> [INSTRUCTIONS TO FOLLOW]: Find the line in the entries below that contains "#3718 = DIRECTION". Repeat it exactly, and every line after it through the line that contains "#15309 = VECTOR".

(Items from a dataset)

□ □ □

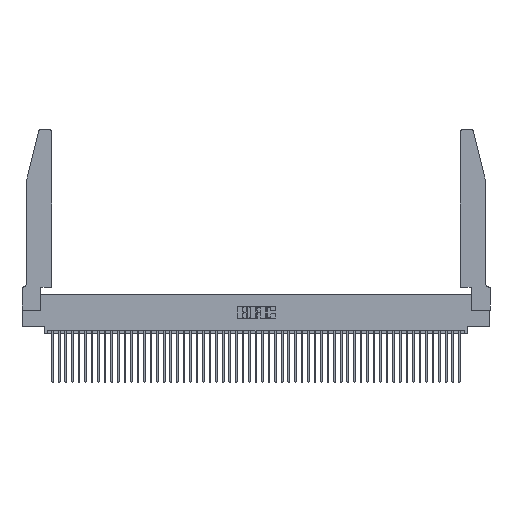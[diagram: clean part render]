
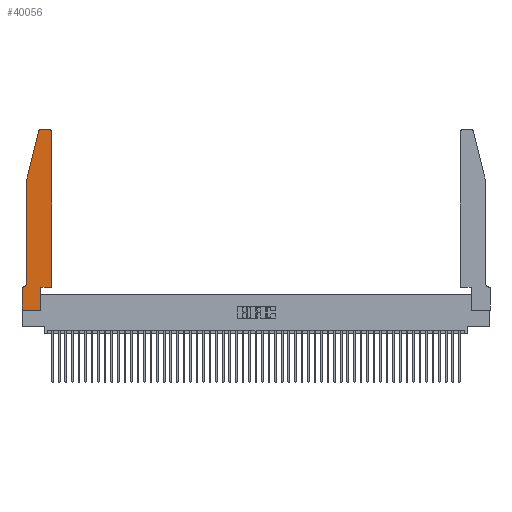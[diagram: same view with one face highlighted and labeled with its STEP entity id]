
A CAD part, top view. The second image highlights one B-rep face of the part: STEP entity #40056.
In plain terms, the highlighted planar face has unit normal (0, 0, 1).
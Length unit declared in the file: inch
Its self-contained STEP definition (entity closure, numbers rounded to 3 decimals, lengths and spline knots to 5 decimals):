
#5 = LINE ( 'NONE', #49755, #4424 ) ;
#236 = EDGE_LOOP ( 'NONE', ( #2032, #43838, #17753, #15551, #34061, #38213, #36137, #29086, #2385, #29440, #10639, #25805 ) ) ;
#957 = VECTOR ( 'NONE', #10836, 39.37008 ) ;
#1685 = VECTOR ( 'NONE', #7057, 39.37008 ) ;
#2032 = ORIENTED_EDGE ( 'NONE', *, *, #10380, .T. ) ;
#2165 = AXIS2_PLACEMENT_3D ( 'NONE', #46017, #30355, #17703 ) ;
#2167 = CARTESIAN_POINT ( 'NONE',  ( 0.4505, 0.35, 0.37 ) ) ;
#2264 = CIRCLE ( 'NONE', #27748, 0.03 ) ;
#2385 = ORIENTED_EDGE ( 'NONE', *, *, #46487, .T. ) ;
#3245 = CARTESIAN_POINT ( 'NONE',  ( 0., 0., 0.37 ) ) ;
#3402 = CARTESIAN_POINT ( 'NONE',  ( 0.0755, 2., 0.37 ) ) ;
#3718 = DIRECTION ( 'NONE',  ( 0., -1., 0. ) ) ;
#3794 = VERTEX_POINT ( 'NONE', #18136 ) ;
#3948 = FACE_OUTER_BOUND ( 'NONE', #236, .T. ) ;
#4096 = VERTEX_POINT ( 'NONE', #39129 ) ;
#4424 = VECTOR ( 'NONE', #21392, 39.37008 ) ;
#5186 = CARTESIAN_POINT ( 'NONE',  ( 0.0055, 0.42, 0.37 ) ) ;
#5519 = DIRECTION ( 'NONE',  ( 0., 0., -1. ) ) ;
#6014 = LINE ( 'NONE', #11057, #15309 ) ;
#6277 = CARTESIAN_POINT ( 'NONE',  ( 0., 0.35, 0.37 ) ) ;
#6647 = LINE ( 'NONE', #41902, #27776 ) ;
#7057 = DIRECTION ( 'NONE',  ( -1., 0., 0. ) ) ;
#9475 = VECTOR ( 'NONE', #18500, 39.37008 ) ;
#10380 = EDGE_CURVE ( 'NONE', #35422, #41809, #41492, .T. ) ;
#10591 = EDGE_CURVE ( 'NONE', #28603, #3794, #6647, .T. ) ;
#10639 = ORIENTED_EDGE ( 'NONE', *, *, #47096, .T. ) ;
#10836 = DIRECTION ( 'NONE',  ( 0., 1., 0. ) ) ;
#11057 = CARTESIAN_POINT ( 'NONE',  ( 0.2865, 0.35, 0.37 ) ) ;
#12347 = LINE ( 'NONE', #28080, #41002 ) ;
#13783 = VECTOR ( 'NONE', #18549, 39.37008 ) ;
#15309 = VECTOR ( 'NONE', #38534, 39.37008 ) ;
#15551 = ORIENTED_EDGE ( 'NONE', *, *, #49782, .T. ) ;
#15856 = CIRCLE ( 'NONE', #2165, 0.03 ) ;
#16009 = DIRECTION ( 'NONE',  ( 1., 0., 0. ) ) ;
#17703 = DIRECTION ( 'NONE',  ( 1., 0., 0. ) ) ;
#17753 = ORIENTED_EDGE ( 'NONE', *, *, #10591, .T. ) ;
#18136 = CARTESIAN_POINT ( 'NONE',  ( 0.0755, 2., 0.37 ) ) ;
#18500 = DIRECTION ( 'NONE',  ( 1., 0., 0. ) ) ;
#18549 = DIRECTION ( 'NONE',  ( 1., 0., 0. ) ) ;
#18757 = EDGE_CURVE ( 'NONE', #46961, #29861, #43043, .T. ) ;
#19434 = CARTESIAN_POINT ( 'NONE',  ( 0.284, 2.75, 0.37 ) ) ;
#19442 = EDGE_CURVE ( 'NONE', #25080, #41336, #5, .T. ) ;
#19569 = CARTESIAN_POINT ( 'NONE',  ( 0., 0., 0.37 ) ) ;
#19726 = VERTEX_POINT ( 'NONE', #43283 ) ;
#21392 = DIRECTION ( 'NONE',  ( 0., -1., 0. ) ) ;
#21832 = CIRCLE ( 'NONE', #41147, 0.07 ) ;
#22718 = DIRECTION ( 'NONE',  ( 0., 0., 1. ) ) ;
#25080 = VERTEX_POINT ( 'NONE', #6277 ) ;
#25805 = ORIENTED_EDGE ( 'NONE', *, *, #39026, .T. ) ;
#26621 = DIRECTION ( 'NONE',  ( -0.239, -0.971, 0. ) ) ;
#27207 = CARTESIAN_POINT ( 'NONE',  ( 0.2605, 2.75, 0.37 ) ) ;
#27705 = CARTESIAN_POINT ( 'NONE',  ( 0.4505, 0.35, 0.37 ) ) ;
#27748 = AXIS2_PLACEMENT_3D ( 'NONE', #31213, #22718, #42360 ) ;
#27776 = VECTOR ( 'NONE', #26621, 39.37008 ) ;
#28080 = CARTESIAN_POINT ( 'NONE',  ( 0.0755, 0.35, 0.37 ) ) ;
#28603 = VERTEX_POINT ( 'NONE', #39580 ) ;
#29086 = ORIENTED_EDGE ( 'NONE', *, *, #31072, .T. ) ;
#29440 = ORIENTED_EDGE ( 'NONE', *, *, #18757, .T. ) ;
#29861 = VERTEX_POINT ( 'NONE', #27705 ) ;
#30355 = DIRECTION ( 'NONE',  ( 0., 0., 1. ) ) ;
#31072 = EDGE_CURVE ( 'NONE', #41336, #19726, #33669, .T. ) ;
#31213 = CARTESIAN_POINT ( 'NONE',  ( 0.284, 2.72, 0.37 ) ) ;
#32337 = CARTESIAN_POINT ( 'NONE',  ( 0., 0.35, 0.37 ) ) ;
#32787 = DIRECTION ( 'NONE',  ( -1., 0., 0. ) ) ;
#32970 = VECTOR ( 'NONE', #3718, 39.37008 ) ;
#33274 = CARTESIAN_POINT ( 'NONE',  ( 0.2865, 0.35, 0.37 ) ) ;
#33669 = LINE ( 'NONE', #3245, #13783 ) ;
#34061 = ORIENTED_EDGE ( 'NONE', *, *, #40862, .T. ) ;
#34265 = EDGE_CURVE ( 'NONE', #46611, #25080, #12347, .T. ) ;
#34778 = AXIS2_PLACEMENT_3D ( 'NONE', #32337, #47683, #16009 ) ;
#35422 = VERTEX_POINT ( 'NONE', #42498 ) ;
#35963 = PLANE ( 'NONE',  #34778 ) ;
#36137 = ORIENTED_EDGE ( 'NONE', *, *, #19442, .T. ) ;
#36763 = EDGE_CURVE ( 'NONE', #41809, #28603, #2264, .T. ) ;
#36992 = LINE ( 'NONE', #2167, #957 ) ;
#37952 = VERTEX_POINT ( 'NONE', #45923 ) ;
#38213 = ORIENTED_EDGE ( 'NONE', *, *, #34265, .T. ) ;
#38534 = DIRECTION ( 'NONE',  ( 0., 1., 0. ) ) ;
#39026 = EDGE_CURVE ( 'NONE', #4096, #35422, #15856, .T. ) ;
#39129 = CARTESIAN_POINT ( 'NONE',  ( 0.4505, 2.72, 0.37 ) ) ;
#39580 = CARTESIAN_POINT ( 'NONE',  ( 0.25487, 2.72718, 0.37 ) ) ;
#40056 = ADVANCED_FACE ( 'NONE', ( #3948 ), #35963, .T. ) ;
#40862 = EDGE_CURVE ( 'NONE', #37952, #46611, #21832, .T. ) ;
#41002 = VECTOR ( 'NONE', #47739, 39.37008 ) ;
#41147 = AXIS2_PLACEMENT_3D ( 'NONE', #5186, #5519, #32787 ) ;
#41336 = VERTEX_POINT ( 'NONE', #19569 ) ;
#41492 = LINE ( 'NONE', #27207, #1685 ) ;
#41809 = VERTEX_POINT ( 'NONE', #19434 ) ;
#41902 = CARTESIAN_POINT ( 'NONE',  ( 0.0755, 2., 0.37 ) ) ;
#41966 = CARTESIAN_POINT ( 'NONE',  ( 0.4505, 0.35, 0.37 ) ) ;
#42360 = DIRECTION ( 'NONE',  ( 1., 0., 0. ) ) ;
#42498 = CARTESIAN_POINT ( 'NONE',  ( 0.4205, 2.75, 0.37 ) ) ;
#43043 = LINE ( 'NONE', #41966, #9475 ) ;
#43283 = CARTESIAN_POINT ( 'NONE',  ( 0.2865, 0., 0.37 ) ) ;
#43838 = ORIENTED_EDGE ( 'NONE', *, *, #36763, .T. ) ;
#43910 = CARTESIAN_POINT ( 'NONE',  ( 0.0055, 0.35, 0.37 ) ) ;
#44807 = LINE ( 'NONE', #3402, #32970 ) ;
#45923 = CARTESIAN_POINT ( 'NONE',  ( 0.0755, 0.42, 0.37 ) ) ;
#46017 = CARTESIAN_POINT ( 'NONE',  ( 0.4205, 2.72, 0.37 ) ) ;
#46487 = EDGE_CURVE ( 'NONE', #19726, #46961, #6014, .T. ) ;
#46611 = VERTEX_POINT ( 'NONE', #43910 ) ;
#46961 = VERTEX_POINT ( 'NONE', #33274 ) ;
#47096 = EDGE_CURVE ( 'NONE', #29861, #4096, #36992, .T. ) ;
#47683 = DIRECTION ( 'NONE',  ( 0., 0., 1. ) ) ;
#47739 = DIRECTION ( 'NONE',  ( -1., 0., 0. ) ) ;
#49755 = CARTESIAN_POINT ( 'NONE',  ( 0., 0., 0.37 ) ) ;
#49782 = EDGE_CURVE ( 'NONE', #3794, #37952, #44807, .T. ) ;

□ □ □

> [SOLUTION TO THIS TASK]:
#3718 = DIRECTION ( 'NONE',  ( 0., -1., 0. ) ) ;
#3794 = VERTEX_POINT ( 'NONE', #18136 ) ;
#3948 = FACE_OUTER_BOUND ( 'NONE', #236, .T. ) ;
#4096 = VERTEX_POINT ( 'NONE', #39129 ) ;
#4424 = VECTOR ( 'NONE', #21392, 39.37008 ) ;
#5186 = CARTESIAN_POINT ( 'NONE',  ( 0.0055, 0.42, 0.37 ) ) ;
#5519 = DIRECTION ( 'NONE',  ( 0., 0., -1. ) ) ;
#6014 = LINE ( 'NONE', #11057, #15309 ) ;
#6277 = CARTESIAN_POINT ( 'NONE',  ( 0., 0.35, 0.37 ) ) ;
#6647 = LINE ( 'NONE', #41902, #27776 ) ;
#7057 = DIRECTION ( 'NONE',  ( -1., 0., 0. ) ) ;
#9475 = VECTOR ( 'NONE', #18500, 39.37008 ) ;
#10380 = EDGE_CURVE ( 'NONE', #35422, #41809, #41492, .T. ) ;
#10591 = EDGE_CURVE ( 'NONE', #28603, #3794, #6647, .T. ) ;
#10639 = ORIENTED_EDGE ( 'NONE', *, *, #47096, .T. ) ;
#10836 = DIRECTION ( 'NONE',  ( 0., 1., 0. ) ) ;
#11057 = CARTESIAN_POINT ( 'NONE',  ( 0.2865, 0.35, 0.37 ) ) ;
#12347 = LINE ( 'NONE', #28080, #41002 ) ;
#13783 = VECTOR ( 'NONE', #18549, 39.37008 ) ;
#15309 = VECTOR ( 'NONE', #38534, 39.37008 ) ;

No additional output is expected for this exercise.